Debt is an instrument, like rates. It's crazy to target an instrument, you set the deficit/debt to be whatever is needed for targeting employment and inflation. Some people have a problem with interest rates being too low for a period of time -- lower than their numerology tells them it "should" be, or debt being too high, higher than some magical threshhold. But if the debt was really too high (or if interest rates were too low), you would see accelerating inflation. You don't target rates or debt, you target inflation and let the instruments float.

Btw, historically, the U.S. has run primary deficits across the averages of both war and peace time. I'm not aware of any nation that has historically run primary surpluses across long periods of time -- that would suggest that interest rates are higher than growth rates, which at this point we have pretty convincing data is not the case.

The interesting thing about this wave of numerology that has taken hold is that it is really ahistorical in nature. Even when on a gold standard, England ran up huge debts and had no target for its debt level. Like other nations, it was concerned with foreign gold outflows, not the level of domestic debt, which was allowed to float even as England ran primary deficits (on average) throughout both gold-standard and fiat money eras.

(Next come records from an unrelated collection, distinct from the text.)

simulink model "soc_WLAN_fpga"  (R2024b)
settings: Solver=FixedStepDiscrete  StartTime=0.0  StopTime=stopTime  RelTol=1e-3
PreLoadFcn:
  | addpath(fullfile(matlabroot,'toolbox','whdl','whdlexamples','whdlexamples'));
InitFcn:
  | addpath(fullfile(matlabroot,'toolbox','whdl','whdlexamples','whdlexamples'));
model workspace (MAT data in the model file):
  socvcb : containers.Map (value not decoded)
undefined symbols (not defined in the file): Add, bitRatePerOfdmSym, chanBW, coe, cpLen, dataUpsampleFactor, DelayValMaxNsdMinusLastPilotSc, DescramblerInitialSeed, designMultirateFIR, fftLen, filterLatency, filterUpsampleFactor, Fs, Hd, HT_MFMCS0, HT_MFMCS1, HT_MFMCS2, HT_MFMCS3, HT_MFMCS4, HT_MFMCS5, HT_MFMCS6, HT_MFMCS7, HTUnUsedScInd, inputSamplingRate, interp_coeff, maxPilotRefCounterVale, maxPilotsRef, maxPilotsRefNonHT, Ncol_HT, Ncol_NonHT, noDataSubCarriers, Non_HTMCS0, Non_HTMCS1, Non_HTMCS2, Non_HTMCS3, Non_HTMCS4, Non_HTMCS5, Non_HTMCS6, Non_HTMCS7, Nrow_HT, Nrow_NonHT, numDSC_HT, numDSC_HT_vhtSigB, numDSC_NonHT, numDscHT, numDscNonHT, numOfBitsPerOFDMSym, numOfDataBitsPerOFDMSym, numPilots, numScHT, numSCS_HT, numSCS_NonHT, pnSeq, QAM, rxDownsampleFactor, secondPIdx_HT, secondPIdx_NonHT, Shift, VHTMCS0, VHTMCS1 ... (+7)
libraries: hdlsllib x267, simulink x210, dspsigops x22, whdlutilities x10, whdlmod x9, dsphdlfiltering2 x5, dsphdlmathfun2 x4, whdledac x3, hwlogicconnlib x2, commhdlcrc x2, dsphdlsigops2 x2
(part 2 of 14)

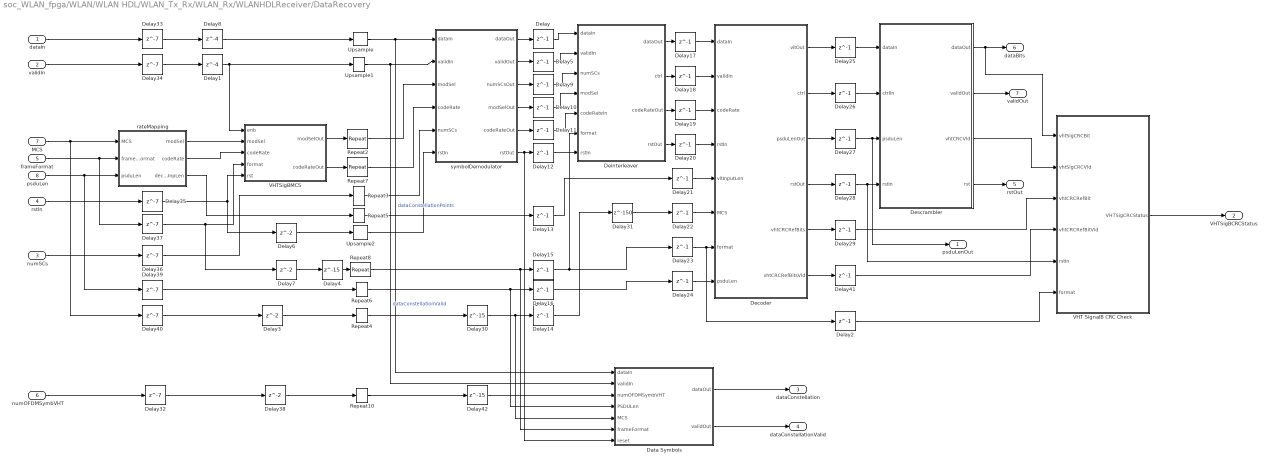
== system soc_WLAN_fpga/WLAN/WLAN HDL/WLAN_Tx_Rx/WLAN_Rx/WLANHDLReceiver/DataRecovery ==
  dataIn : Inport
  validIn : Inport  Port=2
  numSCs : Inport  Port=3
  rstIn : Inport  Port=4
  frameFormat : Inport  Port=5
  numOFDMSymbVHT : Inport  Port=6
  MCS : Inport  Port=7
  psduLen : Inport  Port=8
  Data Symbols : Subsystem
  Decoder : Subsystem
  Deinterleaver : Subsystem
  Delay{,2,5,9..29,41} (25 alike) : Delay  DelayLength=1
  Delay1 : Delay  DelayLength=4
  Delay{3,6..7,38} (4 alike) : Delay
  Delay30 : Delay  DelayLength=15
  Delay31 : Delay  DelayLength=150
  Delay{32..37,39..40} (8 alike) : Delay  DelayLength=7
  Delay4 : Delay  DelayLength=15
  Delay42 : Delay  DelayLength=15
  Delay8 : Delay  DelayLength=4
  Descrambler : Subsystem
  Repeat{2..8,10} (8 alike) : dspsigops/Repeat  FactorSource=Dialog parameter  N=dataUpsampleFactor  Nmax=16  RateOptions=Allow multirate processing  ic=0  mode=Unused parameter value
  Upsample : dspsigops/Upsample  FactorSource=Dialog parameter  N=dataUpsampleFactor  Nmax=16  phase=0  RateOptions=Allow multirate processing  ic=0  mode=Unused parameter value
  Upsample1 : dspsigops/Upsample  FactorSource=Dialog parameter  N=dataUpsampleFactor  Nmax=16  phase=0  RateOptions=Allow multirate processing  ic=0  mode=Unused parameter value
  Upsample2 : dspsigops/Upsample  FactorSource=Dialog parameter  N=dataUpsampleFactor  Nmax=16  phase=0  RateOptions=Allow multirate processing  ic=0  mode=Unused parameter value
  VHT SignalB CRC Check : Subsystem
  VHTSigBMCS : Subsystem
  rateMapping : Subsystem
  symbolDemodulator : Subsystem
  psduLenOut : Outport
  VHTSigBCRCStatus : Outport  Port=2
  dataConstellation : Outport  Port=3
  dataConstellationValid : Outport  Port=4
  rstOut : Outport  Port=5
  dataBits : Outport  Port=6
  validOut : Outport  Port=7
  wires:
  Descrambler/2(validOut) -> validOut/1
  Descrambler/1(dataOut) -> VHT SignalB CRC Check/1(vhtSigCRCBit), dataBits/1
  Upsample1/1 -> symbolDemodulator/2(validIn), Data Symbols/2(validIn)  "dataConstellationValid"
  Upsample/1 -> symbolDemodulator/1(dataIn), Data Symbols/1(dataIn)  "dataConstellationPoints"
  Delay28/1 -> VHT SignalB CRC Check/5(rstIn), Descrambler/4(rstIn)
  Delay26/1 -> Descrambler/2(ctrlIn)
  Delay25/1 -> Descrambler/1(dataIn)
  Delay24/1 -> Decoder/8(psduLen)
  Delay23/1 -> Delay2/1, Decoder/7(format)
  Delay22/1 -> Decoder/6(MCS)
  Delay21/1 -> Decoder/5(vitInputLen)
  Delay20/1 -> Decoder/4(rstIn)
  Delay19/1 -> Decoder/3(codeRate)
  Delay18/1 -> Decoder/2(validIn)
  Delay17/1 -> Decoder/1(dataIn)
  Delay16/1 -> Delay24/1
  Delay15/1 -> Deinterleaver/6(format), Delay23/1
  Delay14/1 -> Delay31/1
  Delay13/1 -> Delay21/1
  Delay12/1 -> Deinterleaver/7(rstIn)
  Delay11/1 -> Deinterleaver/5(codeRateIn)
  Delay10/1 -> Deinterleaver/4(modSel)
  Delay9/1 -> Deinterleaver/3(numSCs)
  Delay5/1 -> Deinterleaver/2(validIn)
  Delay/1 -> Deinterleaver/1(dataIn)
  Decoder/3(psduLenOut) -> Delay27/1
  Decoder/5(vhtCRCRefBits) -> Delay29/1
  symbolDemodulator/6(rstOut) -> Data Symbols/7(reset), Delay12/1
  rateMapping/3(decoderInpLen) -> Repeat5/1
  rateMapping/2(codeRate) -> VHTSigBMCS/3(codeRate)
  rateMapping/1(modSel) -> VHTSigBMCS/2(modSel)
  symbolDemodulator/5(codeRateOut) -> Delay11/1
  Deinterleaver/3(codeRateOut) -> Delay19/1
  Repeat7/1 -> symbolDemodulator/4(codeRate)
  VHTSigBMCS/1(modSelOut) -> Repeat2/1
  Delay7/1 -> Delay4/1
  frameFormat/1 -> Delay37/1, rateMapping/2(frameFormat)
  Delay6/1 -> Upsample2/1
  Decoder/4(rstOut) -> Delay28/1
  Deinterleaver/4(rstOut) -> Delay20/1
  Delay4/1 -> Repeat8/1
  Delay1/1 -> VHTSigBMCS/1(enb), Upsample1/1
  validIn/1 -> Delay34/1
  Delay8/1 -> Upsample/1
  Repeat4/1 -> Delay30/1
  MCS/1 -> Delay40/1, rateMapping/1(MCS)
  VHTSigBMCS/2(codeRateOut) -> Repeat7/1
  Repeat8/1 -> Data Symbols/6(frameFormat), Delay15/1
  Repeat6/1 -> Delay16/1, Data Symbols/4(PSDULen)
  Repeat5/1 -> Delay13/1
  Upsample2/1 -> symbolDemodulator/6(rstIn)
  Repeat3/1 -> symbolDemodulator/5(numSCs)
  Repeat2/1 -> symbolDemodulator/3(modSel)
  rstIn/1 -> Delay35/1
  symbolDemodulator/4(modSelOut) -> Delay10/1
  psduLen/1 -> Delay39/1, rateMapping/3(psduLen)
  Deinterleaver/2(ctrl) -> Delay18/1
  Deinterleaver/1(dataOut) -> Delay17/1
  Decoder/2(ctrl) -> Delay26/1
  Decoder/1(vitOut) -> Delay25/1
  numSCs/1 -> Delay36/1
  symbolDemodulator/2(validOut) -> Delay5/1
  symbolDemodulator/1(dataOut) -> Delay/1
  symbolDemodulator/3(numSCsOut) -> Delay9/1
  dataIn/1 -> Delay33/1
  Delay33/1 -> Delay8/1
  Delay34/1 -> Delay1/1
  Delay35/1 -> VHTSigBMCS/5(rst), Delay6/1
  Delay36/1 -> Repeat3/1
  Delay37/1 -> VHTSigBMCS/4(format), Delay7/1
  Delay39/1 -> Repeat6/1
  Delay40/1 -> Delay3/1
  Decoder/6(vhtCRCRefBitsVld) -> Delay41/1
  Descrambler/3(vhtCRCVld) -> VHT SignalB CRC Check/2(vhtSigCRCVld)
  Delay29/1 -> VHT SignalB CRC Check/3(vhtCRCRefBit)
  VHT SignalB CRC Check/1(VHTSigCRCStatus) -> VHTSigBCRCStatus/1
  Delay27/1 -> psduLenOut/1, Descrambler/3(psduLen)
  Data Symbols/2(validOut) -> dataConstellationValid/1
  Data Symbols/1(dataOut) -> dataConstellation/1
  Delay41/1 -> VHT SignalB CRC Check/4(vhtCRCRefBitVld)
  Delay2/1 -> VHT SignalB CRC Check/6(format)
  Delay3/1 -> Repeat4/1
  Delay30/1 -> Delay14/1, Data Symbols/5(MCS)
  Delay31/1 -> Delay22/1
  Delay32/1 -> Delay38/1
  Repeat10/1 -> Delay42/1
  Delay38/1 -> Repeat10/1
  numOFDMSymbVHT/1 -> Delay32/1
  Delay42/1 -> Data Symbols/3(numOFDMSymbVHT)
  Descrambler/4(rst) -> rstOut/1

== system soc_WLAN_fpga/WLAN/WLAN HDL/WLAN_Tx_Rx/WLAN_Rx/WLANHDLReceiver/FrameFormatController ==
  note: Appriopriate delays to match detected frame format arrival
  note: Choose L-Data from symbol 6
  NonHTDataIn : Inport
  NonHTValid : Inport  Port=2
  numSymb : Inport  Port=3
  NonHTRst : Inport  Port=4
  formatDetected : Inport  Port=5
  HTDataIn : Inport  Port=6
  HTValid : Inport  Port=7
  HTRst : Inport  Port=8
  Compare To Constant : simulink/Logic and Bit Operations/Compare To Constant  relop=>=  const=5  OutDataTypeStr=boolean
  Constant : Constant  Value=numDscHT  OutDataTypeStr=fixdt(0,16,0)  SampleTime=-1
  Constant1 : Constant  Value=numDscNonHT  OutDataTypeStr=fixdt(0,16,0)  SampleTime=-1
  Delay : Delay  DelayLength=388+64+160+64
  Delay10 : Delay  DelayLength=87+32+8*fftLen
  Delay11 : Delay  DelayLength=388+160+64+64
  Delay3 : Delay  DelayLength=87+32
  Delay4 : Delay  DelayLength=87+32
  Delay8 : Delay  DelayLength=388+64+160+64
  Delay9 : Delay  DelayLength=388+160+64+64
  Logical Operator : Logic  AllPortsSameDT=off  OutDataTypeStr=boolean
  Switch1 : Switch  Criteria=u2 > Threshold  SaturateOnIntegerOverflow=off  InputSameDT=off  OutDataTypeStr=Inherit: Same as first input
  Switch3 : Switch  Criteria=u2 > Threshold  SaturateOnIntegerOverflow=off  InputSameDT=off
  Switch4 : Switch  Criteria=u2 > Threshold  SaturateOnIntegerOverflow=off  InputSameDT=off
  Switch5 : Switch  Criteria=u2 > Threshold  SaturateOnIntegerOverflow=off  InputSameDT=off
  dataOut : Outport
  validOut : Outport  Port=2
  numSCs : Outport  Port=3
  rstOut : Outport  Port=4
  wires:
  Switch5/1 -> rstOut/1
  Switch1/1 -> dataOut/1
  Delay8/1 -> Logical Operator/1
  Constant/1 -> Switch4/1
  Compare To Constant/1 -> Logical Operator/2
  Constant1/1 -> Switch4/3
  Delay4/1 -> Switch1/1
  Delay/1 -> Compare To Constant/1
  Delay9/1 -> Switch1/3
  Switch4/1 -> numSCs/1
  Logical Operator/1 -> Switch3/3
  Delay3/1 -> Switch3/1
  Delay11/1 -> Switch5/3
  Delay10/1 -> Switch5/1
  numSymb/1 -> Delay/1
  HTRst/1 -> Delay10/1
  Switch3/1 -> validOut/1
  HTValid/1 -> Delay3/1
  HTDataIn/1 -> Delay4/1
  NonHTDataIn/1 -> Delay9/1
  NonHTValid/1 -> Delay8/1
  NonHTRst/1 -> Delay11/1
  formatDetected/1 -> Switch4/2, Switch5/2, Switch1/2, Switch3/2

== system soc_WLAN_fpga/WLAN/WLAN HDL/WLAN_Tx_Rx/WLAN_Rx/WLANHDLReceiver/FrameFormatDetectionAndSignalRecovery ==
  dataIn : Inport
  validIn : Inport  Port=2
  symbNum : Inport  Port=3
  rstIn : Inport  Port=4
  CRCCheckAndBitInterpretation : Subsystem
  Data Type Conversion : DataTypeConversion  OutDataTypeStr=fixdt(1,16,14)  SaturateOnIntegerOverflow=off  RndMeth=Floor
  Delay : Delay  DelayLength=18
  FormatIdentification : Subsystem
      settings: PortSchema="{\"entries\":[{\"content\":{\"sides\":[{\"content\":{\"connectorIds\":[\"In1\",\"In2\",\"In3\",\"In4\"]},\"type\":\"ConnectorPlacement.EquallySpacedRectSide\",\"uuid\":\"3028114e-cab1-417f-bebe-6d6476787930\"},{\"content\":{\"connectorIds\":[],\"side\":\"RIGHT\"},\"type\":\"ConnectorPlacement.EquallySpacedRectSide\",\"uuid\":\"6d8234fc-94fb-4772-a32f-944b1f5aeeb4\"},{\"content\":{\"connectorIds\":[\"Out2\",\"In5\"],\"side\":\"TOP\"},\"type\":\"ConnectorPlacement.EquallySpacedRectSide\",\"uuid\":\"0ff67b69-6efc-48c5-b813-d09036213c24\"},{\"content\":{\"connectorIds\":[\"Out1\"],\"side\":\"BOTTOM\"},\"type\":\"ConnectorPlacement.EquallySpacedRectSide\",\"uuid\":\"c34dfd74-148e-4ad2-9a51-cfec2f6e9138\"}]},\"type\":\"ConnectorPlacement.EquallySpacedConnector\",\"uuid\":\"49430930-ff4f-4485-8b33-823117f3dfd7\"}],\"packageUris\":[\"http://schema.mathworks.com/mf0/Connector/R2020b\"],\"version\":\"1.0\"}"
  Sample Control Bus Selector : whdlutilities/Sample Control Bus Selector  OutputSignals=start,end,valid
  SignalBitRecovery : Subsystem
  SignalFieldController : Subsystem
      settings: PortSchema="{\"entries\":[{\"content\":{\"sides\":[{\"content\":{\"connectorIds\":[\"In1\",\"In2\",\"In3\",\"In4\",\"In5\",\"In6\"]},\"type\":\"ConnectorPlacement.EquallySpacedRectSide\",\"uuid\":\"148ceb8f-1186-445b-b3f6-f8d5d753c1bf\"},{\"content\":{\"connectorIds\":[\"Out1\",\"Out2\",\"Out3\",\"Out4\"],\"side\":\"RIGHT\"},\"type\":\"ConnectorPlacement.EquallySpacedRectSide\",\"uuid\":\"6dacdfa0-ad7e-48bf-93e0-eecd8ec6f6a0\"},{\"content\":{\"connectorIds\":[],\"side\":\"TOP\"},\"type\":\"ConnectorPlacement.EquallySpacedRectSide\",\"uuid\":\"eaeaab77-8bbe-4397-bc6e-e6aaca64b8f0\"},{\"content\":{\"connectorIds\":[\"In7\"],\"side\":\"BOTTOM\"},\"type\":\"ConnectorPlacement.EquallySpacedRectSide\",\"uuid\":\"580f9177-349a-4b9d-9319-c70de4e7be3b\"}]},\"type\":\"ConnectorPlacement.EquallySpacedConnector\",\"uuid\":\"773ad17b-09fa-48bb-b0c0-63eaf23152dd\"}],\"packageUris\":[\"http://schema.mathworks.com/mf0/Connector/R2020b\"],\"version\":\"1.0\"}"
  Terminator10 : Terminator
  Terminator9 : Terminator
  averageSigFieldsFor40MHz : Subsystem
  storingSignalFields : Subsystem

Also, you don't really have control over the debt/GDP ratio, so it is silly to target it. That would be like claiming control over (nominal) interest rate*inflation. If you think this quantity is too high, so you cut rates, you end up with an even higher quantity. You can't control the product of an instrument and a target. But there is no relevance to the Debt level alone (without comparison to GDP), so there is nothing to target here.


"Using fiscal policy to prevent interest rates changing is distortionary." I didn't suggest that. My point was that using interest rate changes ALONE to regulate demand is distortionary.

If there is an increase in AD, and that increase is dispersed over a WIDE RANGE of types of economic activity (which it should be), the RESULT is a change in interest rates, I've no objections.

rsj: tax rates and government spending are the instruments. The only *ultimate* target is human well-being, somehow defined.

Ralph: ultimately, the optimal response to any shock that affects AD depends on the nature of the shock. Compare two shocks: an increase in demand for money; an increase in the desire to save. Only the second shock requires a fall in r. And I fall in r will (generally) make it optimal to increase both government and private investment. But we have a division of labour, and need to assign a target to the controllers of each instrument.

I think fiscal policy targeting debt levels is a great idea. Where do I sign up?

The notion of having a "rule" for fiscal policy analogous to that used for monetary policy is very appealing. It would be interesting to see a debt target adopted for several reasons not the least of which is that it would require a (spirited) discussion on how governments ought to have zero debt (the underlying belief being that government finances should be run just like a household budget). If all we did was get beyond that debate our country would be well-served.

Three thoughts come to mind:
1. What would the target be? You say 40% which sounds reasonable but I am not sure why it sounds reasonable. Some empirical evidence to support the rate would be required and I am not sure there is much evidence (even 90% didn't seem to stifle economic growth).

2. If there were a recession then the % would shoot up simply because NGDP has fallen. This would raise cries of "cut the deficit" "run a surplus" to reduce the ratio back to target. I still recall people freaking out about health care suddenly taking up 50% of Ontario's GDP when all that had changed was GDP had taken a nose-dive. People were advocating huge cuts to health care when in fact all we needed to do was wait for GDP to recover.

3. Would the debt target be across all levels of government Federal, Provincial and Municipal? I have recently adopted the opinion that in Canada, where monetary policy is determined independently from all levels of government (including Federal), fiscal policy is best implemented at "lower" levels e.g. the Provincial level where there is a higher likelihood that the economy faces similar negative shocks.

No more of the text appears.